= Dry sex =

Sexual practice

Dry sex is the sexual practice of having sexual intercourse without vaginal lubrication. Methods employed to remove vaginal lubrication include using herbal anaphrodisiacs, household detergents, antiseptics, by wiping out the vagina with cloths, or by placing leaves in the vagina, amongst other drying methods. Dry sex is associated with increased health risks, against the cultural beliefs that it increases satisfaction for both partners.

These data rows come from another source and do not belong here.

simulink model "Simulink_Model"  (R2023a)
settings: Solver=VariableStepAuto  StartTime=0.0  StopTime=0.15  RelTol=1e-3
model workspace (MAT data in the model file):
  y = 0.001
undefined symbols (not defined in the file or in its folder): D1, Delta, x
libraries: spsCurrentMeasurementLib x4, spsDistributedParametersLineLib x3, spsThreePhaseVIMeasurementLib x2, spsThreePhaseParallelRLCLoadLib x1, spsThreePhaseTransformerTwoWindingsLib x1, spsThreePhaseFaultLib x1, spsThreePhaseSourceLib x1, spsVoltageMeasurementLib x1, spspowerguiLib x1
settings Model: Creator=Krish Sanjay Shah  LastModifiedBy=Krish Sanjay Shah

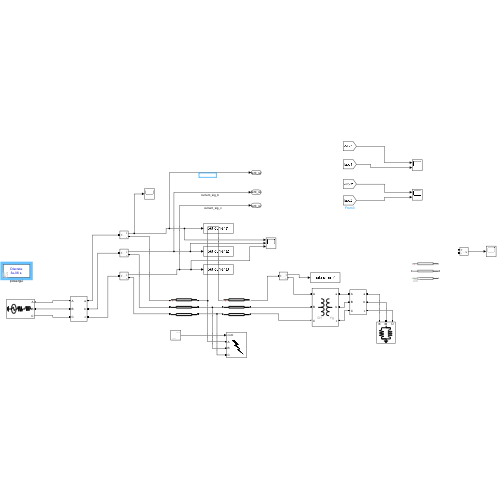
[thumbnail: Simulink's stored preview of the top-level diagram]
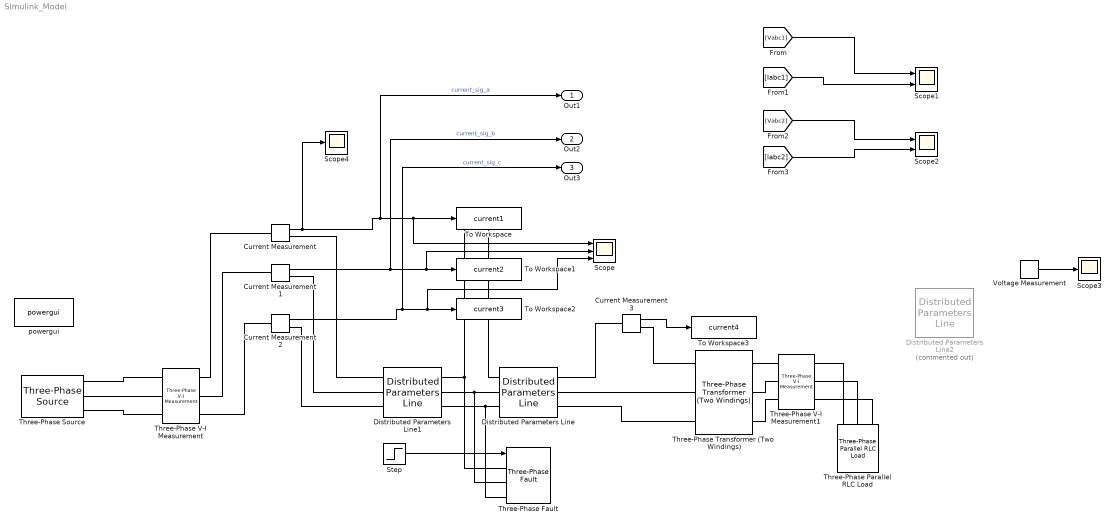
== system Simulink_Model ==
  Current Measurement{,1..3} (4 alike) : spsCurrentMeasurementLib/Current Measurement  PhasorSimulation=off  OutputType=Complex  PSBequivalent=0
  Distributed Parameters Line : spsDistributedParametersLineLib/Distributed Parameters Line  Phases=3  Length=100-x  Frequency=50  Resistance=[0.01273 0.3864]  Inductance="[0.9337e-3  4.1264e-3]"  Capacitance=[12.74e-9 7.751e-9]  x1=[-0.000555 -5.58295531136589e-12 3727.3774424138 -10318.9689781437;-0.000552 -5.5777870589433e-12 3737.10118466611 -10315.4514252007;-0.000549 -5.57261385197143e-12 3746.82160738473 -10311.9247094101;-0.000546 -5.56743569504544e-12 3756.53870193537 -10308.3888339046;-0.000543 -5.56225259276491e-12 3766.25245968668 -10304.8438018251;-0.00054 -5.55706454973381e-12 3775.96287201026 -10301.2896163203;-0.000537 -5.55187157056049e-12 3785.66993028072 -10297.7262805474;-0.000534 -5.54667365985768e-12 3795.3736258756 -10294.1537976716;-0.000531 -5.54147082224252e-12 3805.07395017548 -10290.5721708661;-0.000528 -5.53626306233648e-12 3814.77089456389 -10286.9814033125;-0.000525 -5.53105038476544e-12 3824.46445042739 -10283.3814982002;-0.000522 -5.52583279415963e-12 3834.15460915553 -10279.7724587269;-0.000519 -5.52061029515366e-12 3843.84136214089 -10276.1542880984;-0.000516 -5.51538289238648e-12 3853.52470077909 -10272.5269895286;-0.000513 -5.51015059050141e-12 3863.20461646874 -10268.8905662395;-0.00051 -5.50491339414612e-12 3872.88110061154 -10265.2450214612;-0.000507 -5.49967130797261e-12 3882.55414461219 -10261.5903584319;-0.000504 -5.49442433663725e-12 3892.22373987849 -10257.9265803979;-0.000501 -5.48917248480074e-12 3901.88987782128 -10254.2536906137;-0.000498 -5.48391575712811e-12 3911.55254985446 -10250.5716923416;-0.000495 -5.47865415828872e-12 3921.21174739504 -10246.8805888524;-0.000492 -5.47338769295627e-12 3930.86746186309 -10243.1803834246;-0.000489 -5.46811636580876e-12 3940.51968468179 -10239.471079345;-0.000486 -5.46284018152852e-12 3950.16840727741 -10235.7526799086;-0.000483 -5.45755914480222e-12 3959.81362107934 -10232.0251884181;-0.00048 -5.45227326032079e-12 3969.45531752007 -10228.2886081846;-0.000477 -5.44698253277951e-12 3979.09348803523 -10224.5429425272;-0.000474 -5.44168696687793e-12 3988.72812406358 -10220.7881947731;-0.000471 -5.43638656731993e-12 3998.35921704701 -10217.0243682573;-0.000468 -5.43108133881365e-12 4007.98675843057 -10213.2514663232;-0.000465 -5.42577128607154e-12 4017.61073966246 -10209.4694923222;-0.000462 -5.42045641381034e-12 4027.23115219403 -10205.6784496135;-0.000459 -5.41513672675104e-12 4036.84798747982 -10201.8783415648;-0.000456 -5.40981222961895e-12 4046.46123697754 -10198.0691715514;-0.000453 -5.40448292714363e-12 4056.07089214807 -10194.2509429569;-0.00045 -5.39914882405889e-12 4065.67694445551 -10190.4236591729;-0.000447 -5.39380992510284e-12 4075.27938536714 -10186.5873235991;-0.000444 -5.38846623501783e-12 4084.87820635346 -10182.7419396431;-0.000441 -5.38311775855047e-12 4094.47339888817 -10178.8875107207;-0.000438 -5.37776450045161e-12 4104.06495444821 -10175.0240402555;-0.000435 -5.37240646547637e-12 4113.65286451374 -10171.1515316795;-0.000432 -5.3670436583841e-12 4123.23712056817 -10167.2699884323;-0.000429 -5.3616760839384e-12 4132.81771409814 -10163.3794139619;-0.000426 -5.35630374690707e-12 4142.39463659354 -10159.4798117241;-0.000423 -5.35092665206218e-12 4151.96787954755 -10155.5711851827;-0.00042 -5.34554480418002e-12 4161.53743445659 -10151.6535378097;-0.000417 -5.34015820804108e-12 4171.10329282037 -10147.726873085;-0.000414 -5.33476686843008e-12 4180.66544614187 -10143.7911944964;-0.000411 -5.32937079013596e-12 4190.22388592739 -10139.84650554;-0.000408 -5.32396997795187e-12 4199.77860368648 -10135.8928097196;-0.000405 -5.31856443667515e-12 4209.32959093205 -10131.9301105471;-0.000402 -5.31315417110735e-12 4218.87683918029 -10127.9584115426;-0.000399 -5.30773918605422e-12 4228.42033995072 -10123.9777162338;-0.000396 -5.3023194863257e-12 4237.96008476619 -10119.9880281568;-0.000393 -5.29689507673591e-12 4247.49606515288 -10115.9893508554;-0.00039 -5.29146596210316e-12 4257.02827264032 -10111.9816878814;-0.000387 -5.28603214724994e-12 4266.55669876139 -10107.9650427948;-0.000384 -5.28059363700292e-12 4276.08133505234 -10103.9394191635;-0.000381 -5.27515043619292e-12 4285.60217305276 -10099.9048205631;-0.000378 -5.26970254965496e-12 4295.11920430563 ...(+8296 chars)]  x2=[-0.000555 -8.16324412980977e-12 3109.62540123163 -10027.2164900334;-0.000552 -8.15415122200079e-12 3119.0744476462 -10024.2812841631;-0.000549 -8.14505107115012e-12 3128.52072349819 -10021.3371740814;-0.000546 -8.13594368534112e-12 3137.96422039683 -10018.3841624033;-0.000543 -8.12682907266356e-12 3147.40492995377 -10015.4222517518;-0.00054 -8.1177072412136e-12 3156.84284378318 -10012.4514447581;-0.000537 -8.10857819909387e-12 3166.27795350169 -10009.4717440608;-0.000534 -8.09944195441335e-12 3175.71025072844 -10006.4831523069;-0.000531 -8.09029851528744e-12 3185.13972708505 -10003.4856721509;-0.000528 -8.08114788983794e-12 3194.56637419566 -10000.4793062553;-0.000525 -8.07199008619302e-12 3203.9901836869 -9997.46405729078;-0.000522 -8.06282511248724e-12 3213.41114718795 -9994.43992793549;-0.000519 -8.0536529768615e-12 3222.8292563305 -9991.40692087572;-0.000516 -8.0444736874631e-12 3232.24450274877 -9988.36503880557;-0.000513 -8.03528725244566e-12 3241.65687807955 -9985.31428442703;-0.00051 -8.02609367996917e-12 3251.06637396215 -9982.25466044999;-0.000507 -8.01689297819996e-12 3260.47298203845 -9979.1861695922;-0.000504 -8.00768515531067e-12 3269.87669395291 -9976.10881457929;-0.000501 -7.99847021948029e-12 3279.27750135253 -9973.02259814476;-0.000498 -7.98924817889412e-12 3288.67539588692 -9969.92752302999;-0.000495 -7.98001904174376e-12 3298.07036920826 -9966.82359198423;-0.000492 -7.97078281622713e-12 3307.46241297134 -9963.71080776459;-0.000489 -7.96153951054844e-12 3316.85151883353 -9960.58917313603;-0.000486 -7.95228913291819e-12 3326.23767845482 -9957.4586908714;-0.000483 -7.94303169155316e-12 3335.62088349783 -9954.3193637514;-0.00048 -7.9337671946764e-12 3345.00112562779 -9951.17119456458;-0.000477 -7.92449565051724e-12 3354.37839651257 -9948.01418610733;-0.000474 -7.91521706731126e-12 3363.75268782267 -9944.84834118393;-0.000471 -7.90593145330029e-12 3373.12399123123 -9941.67366260648;-0.000468 -7.89663881673241e-12 3382.49229841408 -9938.49015319493;-0.000465 -7.88733916586194e-12 3391.85760104966 -9935.29781577707;-0.000462 -7.87803250894942e-12 3401.21989081913 -9932.09665318856;-0.000459 -7.86871885426164e-12 3410.57915940629 -9928.88666827286;-0.000456 -7.85939821007157e-12 3419.93539849763 -9925.66786388129;-0.000453 -7.85007058465841e-12 3429.28859978235 -9922.44024287301;-0.00045 -7.84073598630757e-12 3438.63875495233 -9919.20380811499;-0.000447 -7.83139442331062e-12 3447.98585570215 -9915.95856248204;-0.000444 -7.82204590396535e-12 3457.32989372913 -9912.7045088568;-0.000441 -7.81269043657571e-12 3466.67086073329 -9909.44165012973;-0.000438 -7.80332802945184e-12 3476.00874841737 -9906.1699891991;-0.000435 -7.79395869091001e-12 3485.34354848687 -9902.88952897102;-0.000432 -7.7845824292727e-12 3494.67525265002 -9899.60027235941;-0.000429 -7.77519925286848e-12 3504.0038526178 -9896.30222228599;-0.000426 -7.7658091700321e-12 3513.32934010394 -9892.9953816803;-0.000423 -7.75641218910444e-12 3522.65170682494 -9889.6797534797;-0.00042 -7.7470083184325e-12 3531.97094450009 -9886.35534062933;-0.000417 -7.73759756636941e-12 3541.28704485143 -9883.02214608216;-0.000414 -7.7281799412744e-12 3550.59999960381 -9879.68017279894;-0.000411 -7.7187554515128e-12 3559.90980048485 -9876.32942374822;-0.000408 -7.70932410545607e-12 3569.216439225 -9872.96990190637;-0.000405 -7.69988591148172e-12 3578.5199075575 -9869.60161025751;-0.000402 -7.69044087797336e-12 3587.82019721841 -9866.22455179359;-0.000399 -7.68098901332069e-12 3597.11729994662 -9862.83872951433;-0.000396 -7.67153032591946e-12 3606.41120748383 -9859.44414642722;-0.000393 -7.66206482417148e-12 3615.70191157461 -9856.04080554756;-0.00039 -7.65259251648462e-12 3624.98940396635 -9852.62870989842;-0.000387 -7.64311341127279e-12 3634.27367640931 -9849.20786251064;-0.000384 -7.63362751695595e-12 3643.5547206566 -9845.77826642283;-0.000381 -7.62413484196007e-12 3652.83252846418 -9842.33992468137;-0.000378 -7.61463539471716e-12 3662.10709159093 -9838.89284034044 ...(+8275 chars)]  x3=[-0.000555 -5.59033495049164e-14 20.8975033204712 -16.8365307190214;-0.000552 -5.59192310651593e-14 20.9133620932343 -16.8168278114194;-0.000549 -5.59350629543439e-14 20.9292022894038 -16.7971099660291;-0.000546 -5.59508451584073e-14 20.9450238949094 -16.7773772003651;-0.000543 -5.59665776633306e-14 20.9608268956974 -16.7576295319554;-0.00054 -5.59822604551393e-14 20.9766112777306 -16.7378669783411;-0.000537 -5.59978935199029e-14 20.9923770269882 -16.7180895570767;-0.000534 -5.60134768437352e-14 21.008124129466 -16.6982972857296;-0.000531 -5.60290104127939e-14 21.0238525711766 -16.6784901818806;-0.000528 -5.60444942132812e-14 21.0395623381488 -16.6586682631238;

Removing or preventing vaginal lubrication through practices associated with dry sex increases friction during intercourse, which may be perceived as increased vaginal tightness, and some believe enhance sexual pleasure for the male partner. Some men who insist on dry sex regard "wet" women as unchaste. Dry sex can be painful for women and men. Dry sex has been documented in South Africa and Zambia, and it has also been reported in Suriname among Afro-Surinamese women.

==Health risks==
The practice has been linked to the high incidence of HIV/AIDS infection in South Africa. The practice is regarded as increasing the risk of transmitting sexually transmitted diseases (STDs) for both partners, including HIV in a number of ways. Increased friction during intercourse can cause lacerations in vaginal tissue. Drying the vagina also removes the natural antiseptic lactobacilli that combat sexually transmitted diseases. Furthermore, dry sex increases the risk that a condom will break because of the increased friction. It may also result in vaginal inflammation and/or traumatic lesions which in turn may increase the transmission of STDs in other ways.